Le sel abîme-t-il le papier ? Je ne voudrais pas dégrader mon journal ! Je l'aime bien moi, avec sa couverture noire en cuir et son élastique qui en fait le tour. Je l'ai eu pour mon anniversaire, il y a quelques mois. Je ne m'en étais pas servie jusque-là, mais je me suis dit qu'il pourrait être intéressant d'enfin l'utiliser, et de coucher ma vie sur papier, des choses les plus infimes aux choses les plus intimes.
J'ai toujours écrit, depuis ma plus tendre enfance. Mais jamais je ne me suis servie de mes mots pour raconter ma vie. D'ordinaire, j'invente des histoires, je les construis de toutes pièces, les structure et les façonne pour moins me sentir seule. Je laisse mon imagination vagabonder au gré du vent et de ma créativité, tandis que des personnages apparaissent à mes côtés, et que je créais des mondes parallèles, et des histoires à couper le souffle. Avant, c'était juste pour m'endormir plus facilement le soir, mais petit à petit, à force de lire des livres, j'ai eu envie de les écrire à mon tour.

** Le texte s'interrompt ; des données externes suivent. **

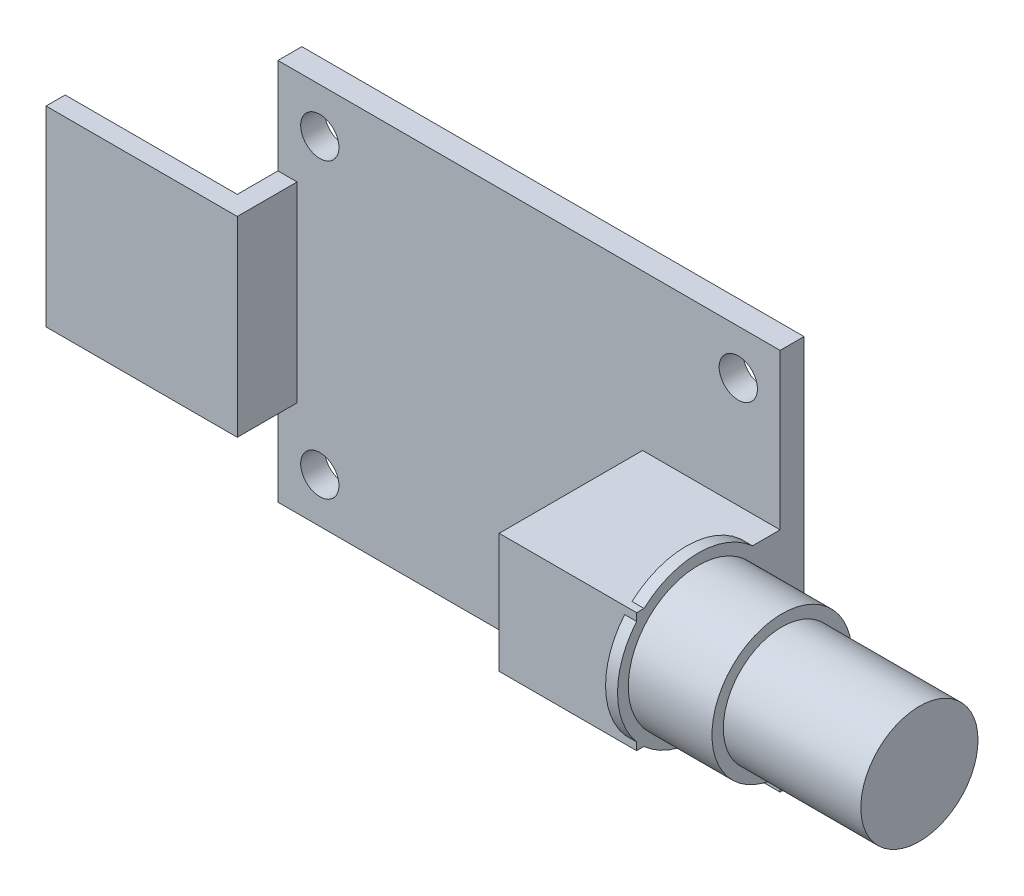
ISO-10303-21;
HEADER;
FILE_DESCRIPTION(('STEP AP214'),'2;1');
FILE_NAME('part.step','',(''),(''),'','','');
FILE_SCHEMA(('AUTOMOTIVE_DESIGN { 1 0 10303 214 1 1 1 1 }'));
ENDSEC;
DATA;
#1=APPLICATION_CONTEXT('core data for automotive mechanical design processes');
#2=APPLICATION_PROTOCOL_DEFINITION('international standard','automotive_design',2000,#1);
#3=PRODUCT_CONTEXT('',#1,'mechanical');
#4=PRODUCT('Part','Part','',(#3));
#5=PRODUCT_RELATED_PRODUCT_CATEGORY('part','',(#4));
#6=PRODUCT_DEFINITION_FORMATION('','',#4);
#7=PRODUCT_DEFINITION_CONTEXT('part definition',#1,'design');
#8=PRODUCT_DEFINITION('design','',#6,#7);
#9=PRODUCT_DEFINITION_SHAPE('','',#8);
#10=(LENGTH_UNIT() NAMED_UNIT(*) SI_UNIT(.MILLI.,.METRE.));
#11=(NAMED_UNIT(*) PLANE_ANGLE_UNIT() SI_UNIT($,.RADIAN.));
#12=(NAMED_UNIT(*) SI_UNIT($,.STERADIAN.) SOLID_ANGLE_UNIT());
#13=UNCERTAINTY_MEASURE_WITH_UNIT(LENGTH_MEASURE(1.E-05),#10,'distance_accuracy_value','');
#14=(GEOMETRIC_REPRESENTATION_CONTEXT(3) GLOBAL_UNCERTAINTY_ASSIGNED_CONTEXT((#13)) GLOBAL_UNIT_ASSIGNED_CONTEXT((#10,
#11,#12)) REPRESENTATION_CONTEXT('',''));
#15=CARTESIAN_POINT('',(0.,0.,0.));
#16=DIRECTION('',(0.,0.,1.));
#17=DIRECTION('',(1.,0.,0.));
#18=AXIS2_PLACEMENT_3D('',#15,#16,#17);
#19=CARTESIAN_POINT('',(39.5,-2.,8.85));
#20=DIRECTION('',(-1.,0.,0.));
#21=DIRECTION('',(0.,0.,1.));
#22=AXIS2_PLACEMENT_3D('',#19,#20,#21);
#23=CYLINDRICAL_SURFACE('',#22,6.75);
#24=CARTESIAN_POINT('',(21.,-2.,8.85));
#25=DIRECTION('',(1.,0.,0.));
#26=DIRECTION('',(0.,0.,-1.));
#27=AXIS2_PLACEMENT_3D('',#24,#25,#26);
#28=CIRCLE('',#27,6.75);
#29=CARTESIAN_POINT('',(21.,3.,13.3845892868043));
#30=VERTEX_POINT('',#29);
#31=CARTESIAN_POINT('',(21.,3.,4.31541071319574));
#32=VERTEX_POINT('',#31);
#33=EDGE_CURVE('E232',#30,#32,#28,.F.);
#34=ORIENTED_EDGE('',*,*,#33,.T.);
#35=DIRECTION('',(-1.,0.,0.));
#36=VECTOR('',#35,1.);
#37=CARTESIAN_POINT('',(39.5,3.00000000000001,4.31541071319574));
#38=LINE('',#37,#36);
#39=CARTESIAN_POINT('',(20.,3.,4.31541071319574));
#40=VERTEX_POINT('',#39);
#41=EDGE_CURVE('E258',#32,#40,#38,.T.);
#42=ORIENTED_EDGE('',*,*,#41,.T.);
#43=CARTESIAN_POINT('',(20.,-2.,8.85));
#44=DIRECTION('',(1.,0.,0.));
#45=DIRECTION('',(0.,0.,-1.));
#46=AXIS2_PLACEMENT_3D('',#43,#44,#45);
#47=CIRCLE('',#46,6.75);
#48=CARTESIAN_POINT('',(20.,3.,13.3845892868043));
#49=VERTEX_POINT('',#48);
#50=EDGE_CURVE('E242',#40,#49,#47,.T.);
#51=ORIENTED_EDGE('',*,*,#50,.T.);
#52=DIRECTION('',(-1.,0.,0.));
#53=VECTOR('',#52,1.);
#54=CARTESIAN_POINT('',(39.5,3.00000000000001,13.3845892868043));
#55=LINE('',#54,#53);
#56=EDGE_CURVE('E252',#49,#30,#55,.F.);
#57=ORIENTED_EDGE('',*,*,#56,.T.);
#58=EDGE_LOOP('',(#34,#42,#51,#57));
#59=FACE_BOUND('',#58,.T.);
#60=ADVANCED_FACE('F40',(#59),#23,.T.);
#61=CARTESIAN_POINT('',(21.,-6.36348484585428,14.));
#62=VERTEX_POINT('',#61);
#63=CARTESIAN_POINT('',(21.,2.36348484585429,14.));
#64=VERTEX_POINT('',#63);
#65=EDGE_CURVE('E238',#62,#64,#28,.F.);
#66=ORIENTED_EDGE('',*,*,#65,.T.);
#67=DIRECTION('',(-1.,0.,0.));
#68=VECTOR('',#67,1.);
#69=CARTESIAN_POINT('',(39.5,2.36348484585429,14.));
#70=LINE('',#69,#68);
#71=CARTESIAN_POINT('',(20.,2.36348484585429,14.));
#72=VERTEX_POINT('',#71);
#73=EDGE_CURVE('E13',#72,#64,#70,.F.);
#74=ORIENTED_EDGE('',*,*,#73,.F.);
#75=CARTESIAN_POINT('',(20.,-6.36348484585428,14.));
#76=VERTEX_POINT('',#75);
#77=EDGE_CURVE('E246',#72,#76,#47,.T.);
#78=ORIENTED_EDGE('',*,*,#77,.T.);
#79=DIRECTION('',(-1.,0.,0.));
#80=VECTOR('',#79,1.);
#81=CARTESIAN_POINT('',(39.5,-6.36348484585428,14.));
#82=LINE('',#81,#80);
#83=EDGE_CURVE('E48',#62,#76,#82,.T.);
#84=ORIENTED_EDGE('',*,*,#83,.F.);
#85=EDGE_LOOP('',(#66,#74,#78,#84));
#86=FACE_BOUND('',#85,.T.);
#87=ADVANCED_FACE('F358',(#86),#23,.T.);
#88=CARTESIAN_POINT('',(21.,-6.99999999999999,4.31541071319574));
#89=VERTEX_POINT('',#88);
#90=CARTESIAN_POINT('',(21.,-7.,13.3845892868043));
#91=VERTEX_POINT('',#90);
#92=EDGE_CURVE('E235',#89,#91,#28,.F.);
#93=ORIENTED_EDGE('',*,*,#92,.T.);
#94=DIRECTION('',(-1.,0.,0.));
#95=VECTOR('',#94,1.);
#96=CARTESIAN_POINT('',(39.5,-6.99999999999999,13.3845892868043));
#97=LINE('',#96,#95);
#98=CARTESIAN_POINT('',(20.,-7.,13.3845892868043));
#99=VERTEX_POINT('',#98);
#100=EDGE_CURVE('E250',#91,#99,#97,.T.);
#101=ORIENTED_EDGE('',*,*,#100,.T.);
#102=CARTESIAN_POINT('',(20.,-7.,4.31541071319574));
#103=VERTEX_POINT('',#102);
#104=EDGE_CURVE('E241',#99,#103,#47,.T.);
#105=ORIENTED_EDGE('',*,*,#104,.T.);
#106=DIRECTION('',(-1.,0.,0.));
#107=VECTOR('',#106,1.);
#108=CARTESIAN_POINT('',(39.5,-6.99999999999999,4.31541071319574));
#109=LINE('',#108,#107);
#110=EDGE_CURVE('E255',#103,#89,#109,.F.);
#111=ORIENTED_EDGE('',*,*,#110,.T.);
#112=EDGE_LOOP('',(#93,#101,#105,#111));
#113=FACE_BOUND('',#112,.T.);
#114=ADVANCED_FACE('F365',(#113),#23,.T.);
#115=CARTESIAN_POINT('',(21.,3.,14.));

Je n'ai pas un talent d'écriture hors norme, mais j'aime bien m'atteler à cet exercice.
Une fois, j'en avais parlé avec Tristan, mon « petit copain » de CM1, et il n'avait pas compris pourquoi « je me prenais la tête à faire ces choses à la con ». Il était vulgaire pour son âge. Toujours est-il que personne ne comprend. Les gens me regardent faire, et derrière leurs sourires faussement amusés ou intrigués, ils me jugent, me critiquent, me dévisagent, et toute once de compréhension s'envole.
Oui, j'ai 11 ans, et je parle mieux que certains adultes.
Oui, j'ai 11 ans et j'écris mieux que certains adultes.
Oui, j'ai 11 ans et je lis la plupart de mon temps.
Oui, j'ai 11 ans et j'adore apprendre, étudier, et me rendre à l'école.
Oui, j'ai 11 ans et je n'ai pas beaucoup d'amis, et ceux-ci ne sont pas toujours gentils avec moi.
Oui, je fatigue les gens. Je m'en rends bien compte, je ne suis ni aveugle ni absurde. Mais c'est plus fort que moi. J'ai pas envie de devoir me brider ou cacher une partie de ma personnalité pour leur plaire, pour leur faire plaisir. S'ils ne m'aiment pas, et bien tant pis !
Aujourd'hui, j'ai rencontré mes profs. Ils ont l'air gentils, sauf le prof de techno, qui renvoie une image particulièrement froide, le prof de physique, qui a l'air bizarre, et le prof d'art plastique qui m'a un peu fait peur avec ses cheveux, ses yeux et sa tenue tout noirs. On dirait qu'il revient d'un enterrement. Ma prof de français, par contre, a l'air gentille ! Et c'est sans parler de ma prof d'anglais.
J'ai hâte de voir où tout ça va nous mener... en tout cas, j'espère que les choses vont s'améliorer.
Bon allez, il faut que j'y aille : maman m'appelle, et si je ne viens pas, je sens que je vais me faire taper sur les doigts. Je dois aller mettre la table. On se retrouve bientôt.